Defining User Focused Requirements

Defining User Focused Requirements

Requirements should provide all information necessary to develop a feature as the envisioned by the author to ensure team's deliver the desired result. In order to achieve this, at a minimum requirements should include a user story, acceptance criteria and technical requirements, and where appropriate, out of scope items, final designs and copy, and any other relevant documentation or linked tickets.

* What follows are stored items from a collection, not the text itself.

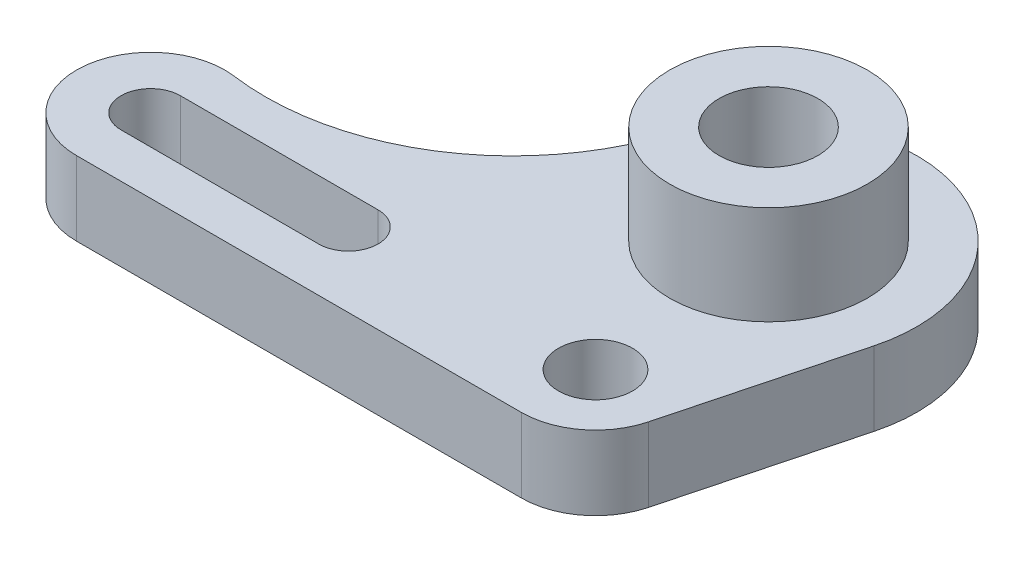
from build123d import *

# Parameters (mm, degrees)
BOSS_EXTRUDE1_DEPTH = 15
SKETCH2_R           = 20
SKETCH2_R_2         = 10
BOSS_EXTRUDE2_DEPTH = 20
SKETCH5_R           = 7.5
CUT_EXTRUDE1_DEPTH  = 116.866302263
CUT_EXTRUDE2_DEPTH  = 116.866302263


with BuildPart() as part:
    # Sketch1 → Boss-Extrude1 (new body)
    with BuildSketch(Plane(origin=(0, 0, 0), x_dir=(1, 0, 0), z_dir=(0, 1, 0))):
        with BuildLine():
            Line((-85, -55), (5, -55))
            ThreePointArc((5, -55), (14.16042736, -51.877986807), (19.507658043, -43.811542745))
            Line((19.507658043, -43.811542745), (29.015316087, -7.623085489))
            ThreePointArc((29.015316087, -7.623085489), (8.389479092, 28.803066513), (-28.570577696, 9.149977603))
            ThreePointArc((-28.570577696, 9.149977603), (-49.525739839, -17.897965522), (-82.966509351, -25.138475321))
            ThreePointArc((-82.966509351, -25.138475321), (-99.965341128, -38.980899952), (-85, -55))
        make_face()
    extrude(amount=BOSS_EXTRUDE1_DEPTH)

    # Sketch2 → Boss-Extrude2 (add)
    with BuildSketch(Plane(origin=(0, 15, 0), x_dir=(1, 0, 0), z_dir=(0, 1, 0))):
        Circle(SKETCH2_R)
        Circle(SKETCH2_R_2, mode=Mode.SUBTRACT)
    extrude(amount=BOSS_EXTRUDE2_DEPTH)

    # Sketch5 → Cut-Extrude1 (cut, through all)
    with BuildSketch(Plane(origin=(0, 15, 0), x_dir=(1, 0, 0), z_dir=(0, 1, 0))):
        with Locations((5, -40)):
            Circle(SKETCH5_R)
    extrude(amount=-CUT_EXTRUDE1_DEPTH, mode=Mode.SUBTRACT)

    # Sketch6 → Cut-Extrude2 (cut, through all)
    with BuildSketch(Plane(origin=(0, 15, 0), x_dir=(1, 0, 0), z_dir=(0, 1, 0))):
        with BuildLine():
            Line((-85, -34), (-45, -34))
            ThreePointArc((-45, -34), (-39, -40), (-45, -46))
            Line((-45, -46), (-85, -46))
            ThreePointArc((-85, -46), (-91, -40), (-85, -34))
        make_face()
    extrude(amount=-CUT_EXTRUDE2_DEPTH, mode=Mode.SUBTRACT)


solid = part.part

To ensure the requirements effectively capture user value, they should follow the INVEST criteria:

  • Independent: You should be able to play this scenario in any order; if the ticket requires another ticket to enable it, one or both of the tickets are no longer independent
  • Negotiable: The requirements should focus on the desired outcome but still allow room to negotiate the detail of the solution as it's been developed
  • Valuable: It should provide value on its own, moving you measurably closer towards your goal even if may not be a shippable feature in it's own right
  • Estimable: In order to accurately prioritise and plan work, you need to be able to estimate the complexity of a scenario compared to other scenarios. An inability to estimate the work suggests that the requirements are not yet fully understood
  • Small: You should aim to constrain the scope of work to what can be completed in a couple days, with an upper bound of one sprint. The larger the story, the less likely you are to fully understand the work involved, and therefore the more likely you are to have undesirable outcomes or delays.
  • Testable: You can only consider a feature complete if you are able to verify it has been built as specified. If you are unable to determine how to verify the requirements have been met, it suggests that you do not yet understand it well enough.

Typically written in the format of "As a user, I want {action}, so that {outcome}" (also known as role-feature-reason), a user story frames the requirements from the user's perspective of a scenario. If a scenario cannot be framed from the perspective of providing value to a user, that should be a trigger to consider whether the story is appropriate and ready to be defined.

Acceptance criteria define the user interactions related to the requirements and serve as the basis for testing. Like a user story, it uses the formula of describing the precondition, action and outcome, typically using the syntax "given {precondition}, when I {action}, then I {outcome}" (also known as gherkin syntax). When defining the interaction, it's important to describe what is being done without being prescriptive to how it should be done.

Technical requirements detail implementation details, such as required libraries and target versions, database schemas, and API contracts or contracts between application layers. Although defining contracts seems to oppose negotiability, contracts themselves should be independent and negotiable, and can serve as the basis of the unit tests written as part of development, which is especially important when employing test driven development.

Out of scope, further information, designs and copy are all optional dependent on the scope and needs of the requirement, but in a general sense should be any additional information required to build out the requirement as envisioned, and serve as or link to the source of truth for what is being built.

Thoroughly defining the requirements of a feature is essential to accurately and efficiently building a product. By following these guidelines, development teams can accurately prioritise and plan work while ensuring that the end product meets the user's needs and expectations.